Perhaps I can convey this reassurance to my noble friend. The restrictions that we impose as regards days at sea are likely to be different for different classes of boat. As a rule the type of vessel about which he is worried is likely to be at the less severely restricted end of the spectrum. Both Houses will of course have an opportunity to consider the policy of extending days at sea restrictions to some or all of those vessels if and when an affirmative resolution order specifying the commencement date of such restrictions is tabled.

On that basis I hope that my noble friend has received some reassurance and will be content to withdraw the amendment.

Lord Beloff

In the absence of anyone who shares my anxieties to the extent of supporting me in the debate, I have no option but to withdraw the amendment and to record the assurances which the Minister has given. I hope that they will give some comfort to those men who are fearful for the loss of their livelihood.

If it were possible to devise an amendment which was locally exclusive rather than, as has been pointed out, raised problems elsewhere I would gladly support it. In the absence of any counsel at this stage there is nothing I can do but beg leave to withdraw the amendment.

Amendment, by leave, withdrawn.

Clause 7, as amended, agreed to.

Clause 8 agreed to.

Lady Saltoun of Abernethy moved Amendment No. 43:

After Clause 8, insert the following new clause:

("Expiry of Act This Act shall cease to have effect on 31st December 1996.").

The noble Lady said: Although in their confusion the Government have proposed two major reasons for the introduction of this Bill, the first being the reduction in fleet capacity and the second an attack on excessive fish mortality, a more important reason appears to be that proposed by both Ministers in the Second Reading debate in this House, namely that it is a necessary complement to a decommissioning scheme aimed at reducing capacity to meet multi-annual guidance programme targets.

The requirement to meet the target expires on 31st December 1996. For that reason alone there can be no validity in any argument that the Act should have any effect after that date. I beg to move.

Earl Howe

I do not believe that there can be anyone in this Chamber this evening who does not realise that the need to conserve fish stocks is continuous. It is not driven by the arbitrary deadlines which the Community sets for its structural policies. It is driven by the over-arching imperative that fishing effort and fleet capacity should be in safe proportion to the stocks available. It would therefore be quite wrong to link the powers in the Bill to Community deadlines.

If the powers of the Bill were terminated at the end of 1996, which may be the end of the next multi-annual guidance programme, further legislation would be necessary of exactly the same type as we have in this Bill. That would be an unnecessary waste of parliamentary time. In fact the Committee will also wish to note that the end date for the multi-annual guidance programme is not yet fixed. New objectives are likely to be set with a target date of 31st December 1998.

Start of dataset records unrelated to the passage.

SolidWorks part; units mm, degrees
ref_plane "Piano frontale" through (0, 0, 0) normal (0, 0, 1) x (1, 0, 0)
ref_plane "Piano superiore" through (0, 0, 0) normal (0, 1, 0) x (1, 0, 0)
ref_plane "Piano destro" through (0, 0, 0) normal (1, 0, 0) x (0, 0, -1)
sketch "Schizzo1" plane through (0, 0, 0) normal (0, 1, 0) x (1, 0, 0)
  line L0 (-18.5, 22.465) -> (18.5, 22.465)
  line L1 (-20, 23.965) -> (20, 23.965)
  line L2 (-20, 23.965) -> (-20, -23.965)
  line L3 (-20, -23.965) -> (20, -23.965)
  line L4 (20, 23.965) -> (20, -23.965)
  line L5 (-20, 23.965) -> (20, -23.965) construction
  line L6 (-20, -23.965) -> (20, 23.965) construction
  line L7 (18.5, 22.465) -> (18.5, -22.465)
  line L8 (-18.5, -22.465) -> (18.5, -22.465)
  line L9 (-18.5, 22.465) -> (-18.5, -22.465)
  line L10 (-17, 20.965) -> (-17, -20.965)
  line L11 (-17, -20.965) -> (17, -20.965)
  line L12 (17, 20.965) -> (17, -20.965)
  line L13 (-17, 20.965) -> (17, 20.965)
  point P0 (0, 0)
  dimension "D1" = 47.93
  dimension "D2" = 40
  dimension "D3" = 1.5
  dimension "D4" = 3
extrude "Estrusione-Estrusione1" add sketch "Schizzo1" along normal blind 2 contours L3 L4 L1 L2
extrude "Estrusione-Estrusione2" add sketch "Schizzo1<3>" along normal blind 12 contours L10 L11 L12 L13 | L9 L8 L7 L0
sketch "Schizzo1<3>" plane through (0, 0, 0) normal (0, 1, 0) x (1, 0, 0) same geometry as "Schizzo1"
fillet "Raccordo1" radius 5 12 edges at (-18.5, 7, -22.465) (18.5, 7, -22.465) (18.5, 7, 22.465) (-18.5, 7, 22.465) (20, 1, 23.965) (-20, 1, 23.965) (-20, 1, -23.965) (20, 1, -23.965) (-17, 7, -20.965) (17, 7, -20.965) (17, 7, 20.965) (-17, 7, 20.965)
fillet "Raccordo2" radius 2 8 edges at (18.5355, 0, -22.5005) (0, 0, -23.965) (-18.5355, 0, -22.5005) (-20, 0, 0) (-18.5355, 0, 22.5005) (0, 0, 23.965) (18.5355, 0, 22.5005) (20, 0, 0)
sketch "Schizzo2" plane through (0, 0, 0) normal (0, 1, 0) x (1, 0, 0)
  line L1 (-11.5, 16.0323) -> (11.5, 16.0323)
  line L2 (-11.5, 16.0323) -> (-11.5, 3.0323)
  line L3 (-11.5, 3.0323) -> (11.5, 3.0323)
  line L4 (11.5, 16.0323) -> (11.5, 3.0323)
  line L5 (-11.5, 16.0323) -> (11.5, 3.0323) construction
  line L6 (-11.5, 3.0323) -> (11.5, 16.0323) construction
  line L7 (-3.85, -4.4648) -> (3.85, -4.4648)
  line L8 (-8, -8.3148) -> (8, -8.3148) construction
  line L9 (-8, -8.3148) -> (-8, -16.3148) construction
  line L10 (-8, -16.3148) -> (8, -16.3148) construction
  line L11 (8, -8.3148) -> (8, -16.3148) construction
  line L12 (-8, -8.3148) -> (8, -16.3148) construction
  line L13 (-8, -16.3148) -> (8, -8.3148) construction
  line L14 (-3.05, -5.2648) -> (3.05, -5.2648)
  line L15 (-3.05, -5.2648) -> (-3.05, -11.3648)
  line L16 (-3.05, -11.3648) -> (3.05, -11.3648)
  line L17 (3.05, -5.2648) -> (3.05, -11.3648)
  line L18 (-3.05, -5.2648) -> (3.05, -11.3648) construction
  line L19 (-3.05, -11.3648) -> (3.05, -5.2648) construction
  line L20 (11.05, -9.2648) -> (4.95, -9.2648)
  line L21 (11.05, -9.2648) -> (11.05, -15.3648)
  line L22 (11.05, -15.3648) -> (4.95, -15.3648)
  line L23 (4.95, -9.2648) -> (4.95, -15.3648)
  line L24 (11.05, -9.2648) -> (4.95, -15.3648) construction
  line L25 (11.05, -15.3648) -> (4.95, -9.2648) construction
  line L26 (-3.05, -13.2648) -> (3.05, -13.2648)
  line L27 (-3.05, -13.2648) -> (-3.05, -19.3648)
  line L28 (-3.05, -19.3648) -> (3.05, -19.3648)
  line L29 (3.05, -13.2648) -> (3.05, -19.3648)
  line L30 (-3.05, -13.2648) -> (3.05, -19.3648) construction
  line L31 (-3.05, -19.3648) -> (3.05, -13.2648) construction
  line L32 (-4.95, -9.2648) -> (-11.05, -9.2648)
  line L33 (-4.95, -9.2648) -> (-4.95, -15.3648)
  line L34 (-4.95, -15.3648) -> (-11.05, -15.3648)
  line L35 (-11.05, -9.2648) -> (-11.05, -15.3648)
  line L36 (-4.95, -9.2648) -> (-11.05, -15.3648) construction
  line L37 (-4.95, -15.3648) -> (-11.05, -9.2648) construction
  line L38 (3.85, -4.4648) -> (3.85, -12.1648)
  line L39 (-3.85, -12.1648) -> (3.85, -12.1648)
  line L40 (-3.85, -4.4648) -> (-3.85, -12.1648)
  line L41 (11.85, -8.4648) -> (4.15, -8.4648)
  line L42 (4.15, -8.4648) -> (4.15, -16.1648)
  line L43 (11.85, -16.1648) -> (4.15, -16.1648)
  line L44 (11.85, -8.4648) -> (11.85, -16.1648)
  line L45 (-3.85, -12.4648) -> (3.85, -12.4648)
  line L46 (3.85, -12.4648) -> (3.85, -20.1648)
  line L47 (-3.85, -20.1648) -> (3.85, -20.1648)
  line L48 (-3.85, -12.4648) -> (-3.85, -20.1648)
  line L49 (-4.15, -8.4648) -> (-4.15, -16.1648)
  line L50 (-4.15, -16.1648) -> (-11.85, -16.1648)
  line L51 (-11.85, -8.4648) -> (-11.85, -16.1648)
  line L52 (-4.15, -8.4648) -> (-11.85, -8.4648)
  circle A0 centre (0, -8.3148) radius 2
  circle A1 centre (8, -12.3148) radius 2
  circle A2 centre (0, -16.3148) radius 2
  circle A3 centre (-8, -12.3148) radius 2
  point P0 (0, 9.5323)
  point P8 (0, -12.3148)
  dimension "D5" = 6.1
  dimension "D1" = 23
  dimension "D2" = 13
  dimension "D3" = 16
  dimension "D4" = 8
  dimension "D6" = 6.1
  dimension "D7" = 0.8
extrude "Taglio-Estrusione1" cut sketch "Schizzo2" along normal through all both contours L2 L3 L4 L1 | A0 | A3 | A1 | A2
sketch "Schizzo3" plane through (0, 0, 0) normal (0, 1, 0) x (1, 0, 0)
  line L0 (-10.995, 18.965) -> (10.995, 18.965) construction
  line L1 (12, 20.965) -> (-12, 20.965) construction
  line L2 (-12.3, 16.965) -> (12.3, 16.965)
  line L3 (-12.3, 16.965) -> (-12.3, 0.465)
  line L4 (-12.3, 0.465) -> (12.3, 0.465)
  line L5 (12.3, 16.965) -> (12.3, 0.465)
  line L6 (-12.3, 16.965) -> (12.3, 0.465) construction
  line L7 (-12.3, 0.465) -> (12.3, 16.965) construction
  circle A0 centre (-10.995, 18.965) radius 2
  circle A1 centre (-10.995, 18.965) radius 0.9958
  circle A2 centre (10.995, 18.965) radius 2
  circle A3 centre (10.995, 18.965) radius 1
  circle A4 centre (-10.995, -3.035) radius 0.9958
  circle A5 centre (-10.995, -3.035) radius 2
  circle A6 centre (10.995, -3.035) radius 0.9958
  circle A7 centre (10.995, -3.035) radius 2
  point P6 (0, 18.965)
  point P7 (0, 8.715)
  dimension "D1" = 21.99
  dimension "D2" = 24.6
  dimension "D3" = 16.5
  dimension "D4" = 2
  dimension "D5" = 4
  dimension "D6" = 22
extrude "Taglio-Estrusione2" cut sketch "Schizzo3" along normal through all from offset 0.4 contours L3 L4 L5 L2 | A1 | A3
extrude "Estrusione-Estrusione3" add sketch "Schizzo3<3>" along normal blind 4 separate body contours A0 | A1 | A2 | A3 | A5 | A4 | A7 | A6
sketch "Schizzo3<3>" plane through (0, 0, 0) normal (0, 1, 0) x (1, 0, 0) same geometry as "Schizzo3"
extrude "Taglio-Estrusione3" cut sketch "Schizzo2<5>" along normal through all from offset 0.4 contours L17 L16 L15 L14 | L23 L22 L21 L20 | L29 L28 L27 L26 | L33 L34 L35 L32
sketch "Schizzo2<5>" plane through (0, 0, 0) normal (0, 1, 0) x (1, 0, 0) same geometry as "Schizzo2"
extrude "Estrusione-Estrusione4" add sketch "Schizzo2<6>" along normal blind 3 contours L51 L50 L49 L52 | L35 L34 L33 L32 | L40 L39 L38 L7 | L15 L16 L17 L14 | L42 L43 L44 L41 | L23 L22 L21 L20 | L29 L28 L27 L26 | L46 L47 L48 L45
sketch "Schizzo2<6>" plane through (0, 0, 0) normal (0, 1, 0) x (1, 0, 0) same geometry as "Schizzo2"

We cannot, therefore, assume that the end of 1996 will mark either the end of our MAGP targets or, more importantly, an end to the need to conserve fish stocks. The amendment, if it were pressed and carried, would not only terminate Ministers' powers to restrict time at sea at the end of 1996; it would bring to an end all the provisions of the Bill, including those which the fishermen's organisations have been pressing us to introduce and which are desirable in their own right: namely, licence suspension or revocation for breach of licence rules; increased maximum fines; the Scottish evidential provisions, and so on. At the very least I should have thought that the noble Lady would wish to reflect further on whether this is really what she wants. I hope that this evening she will feel able to withdraw the amendment.

Lady Saltoun of Abernethy

I am most grateful to the noble Earl for that very clear explanation. In the light of what he said, I beg leave to withdraw the amendment.

Amendment, by leave, withdrawn.

Remaining clause agreed to.

House resumed: Bill reported with amendments.